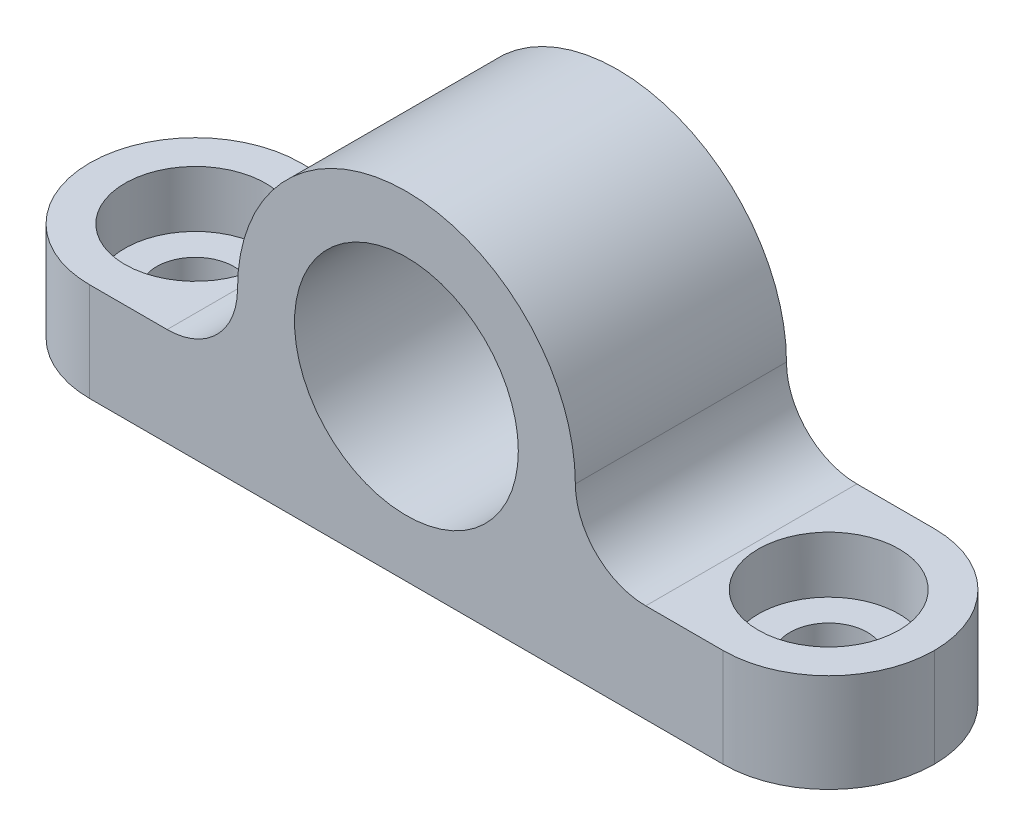
SolidWorks part; units mm, degrees
material "ABS"
ref_plane "Front Plane" through (0, 0, 0) normal (0, 0, 1) x (1, 0, 0)
ref_plane "Top Plane" through (0, 0, 0) normal (0, 1, 0) x (1, 0, 0)
ref_plane "Right Plane" through (0, 0, 0) normal (1, 0, 0) x (0, 0, -1)
sketch "Sketch1" plane through (0, 0, 0) normal (0, 1, 0) x (1, 0, 0)
  line L1 (-30, 7.5) -> (30, 7.5)
  line L2 (-30, 7.5) -> (-30, -7.5)
  line L3 (-30, -7.5) -> (30, -7.5)
  line L4 (30, 7.5) -> (30, -7.5)
  line L5 (-30, 7.5) -> (30, -7.5) construction
  line L6 (-30, -7.5) -> (30, 7.5) construction
  point P0 (0, 0)
  dimension "D1" = 15
  dimension "D2" = 60
extrude "Boss-Extrude1" add sketch "Sketch1" along normal blind 7
sketch "Sketch2" plane through (0, 7, 0) normal (0, 1, 0) x (1, 0, 0)
  line L0 (0, 0) -> (0, 16.1547) construction
  line L1 (30, 7.5) -> (-30, 7.5) construction
  line L2 (-30, 7.5) -> (-30, -7.5) construction
  circle A0 centre (-22.5, 0) radius 2.75
  circle A1 centre (22.5, 0) radius 2.75
  dimension "D3" = 5.5
  dimension "D1" = 7.5
  dimension "D2" = 7.5
extrude "Cut-Extrude1" cut sketch "Sketch2" against normal through all
sketch "Sketch3" plane through (0, 7, 0) normal (0, 1, 0) x (1, 0, 0)
  line L0 (0, 0) -> (0, 12.9854) construction
  circle A0 centre (-22.5, 0) radius 5
  circle A1 centre (22.5, 0) radius 5
  dimension "D1" = 10
extrude "Cut-Extrude2" cut sketch "Sketch3" against normal offset from surface (4 mm away) 3 up to face at (22.5, 0, -2.75)
sketch "Sketch4" plane through (0, 0, 7.5) normal (0, 0, 1) x (1, 0, 0)
  line L0 (-30, 7) -> (30, 7) construction
  line L1 (-12, 12) -> (12, 12) construction
  line L2 (-12, 12) -> (-12, 7) construction
  line L3 (-17, 7) -> (17, 7)
  line L4 (12, 12) -> (12, 7) construction
  line L5 (-12, 12) -> (12, 7) construction
  line L6 (-12, 7) -> (12, 12) construction
  line L7 (-30, 0) -> (30, 0) construction
  arc A0 (-12, 12) -> (12, 12) centre (0, 12) cw
  arc A1 (-12, 12) -> (-17, 7) centre (-17, 12) cw
  arc A2 (12, 12) -> (17, 7) centre (17, 12) ccw
  point P0 (0, 9.5)
  point P9 (0, 0)
  dimension "D2" = 12
  dimension "D1" = 12
extrude "Boss-Extrude2" add sketch "Sketch4" against normal up to surface (15 mm away) up to face at (0, 3.5, -7.5)
sketch "Sketch5" plane through (0, 0, 7.5) normal (0, 0, 1) x (1, 0, 0)
  circle A0 centre (0, 12) radius 7.95
  circle A2 centre (0, 12) radius 7.95 construction
  arc A3 (12, 12) -> (-12, 12) centre (0, 12) ccw construction
extrude "Cut-Extrude3" cut sketch "Sketch5" against normal through all
fillet "Fillet2" radius 7.5 4 edges at (30, 3.5, 7.5) (30, 3.5, -7.5) (-30, 3.5, -7.5) (-30, 3.5, 7.5)
equation "\"D2@Sketch2\" = \"D1@Sketch2\""
equation "\"D1@Sketch4\" = \"D2@Sketch4\""

********************

**Task statement**
Restate, word for word, the final stretch of the entries above: the line containing "circle A2 centre" and every line after it, up to and including the last.

**Solution to the problem**
  circle A2 centre (0, 12) radius 7.95 construction
  arc A3 (12, 12) -> (-12, 12) centre (0, 12) ccw construction
extrude "Cut-Extrude3" cut sketch "Sketch5" against normal through all
fillet "Fillet2" radius 7.5 4 edges at (30, 3.5, 7.5) (30, 3.5, -7.5) (-30, 3.5, -7.5) (-30, 3.5, 7.5)
equation "\"D2@Sketch2\" = \"D1@Sketch2\""
equation "\"D1@Sketch4\" = \"D2@Sketch4\""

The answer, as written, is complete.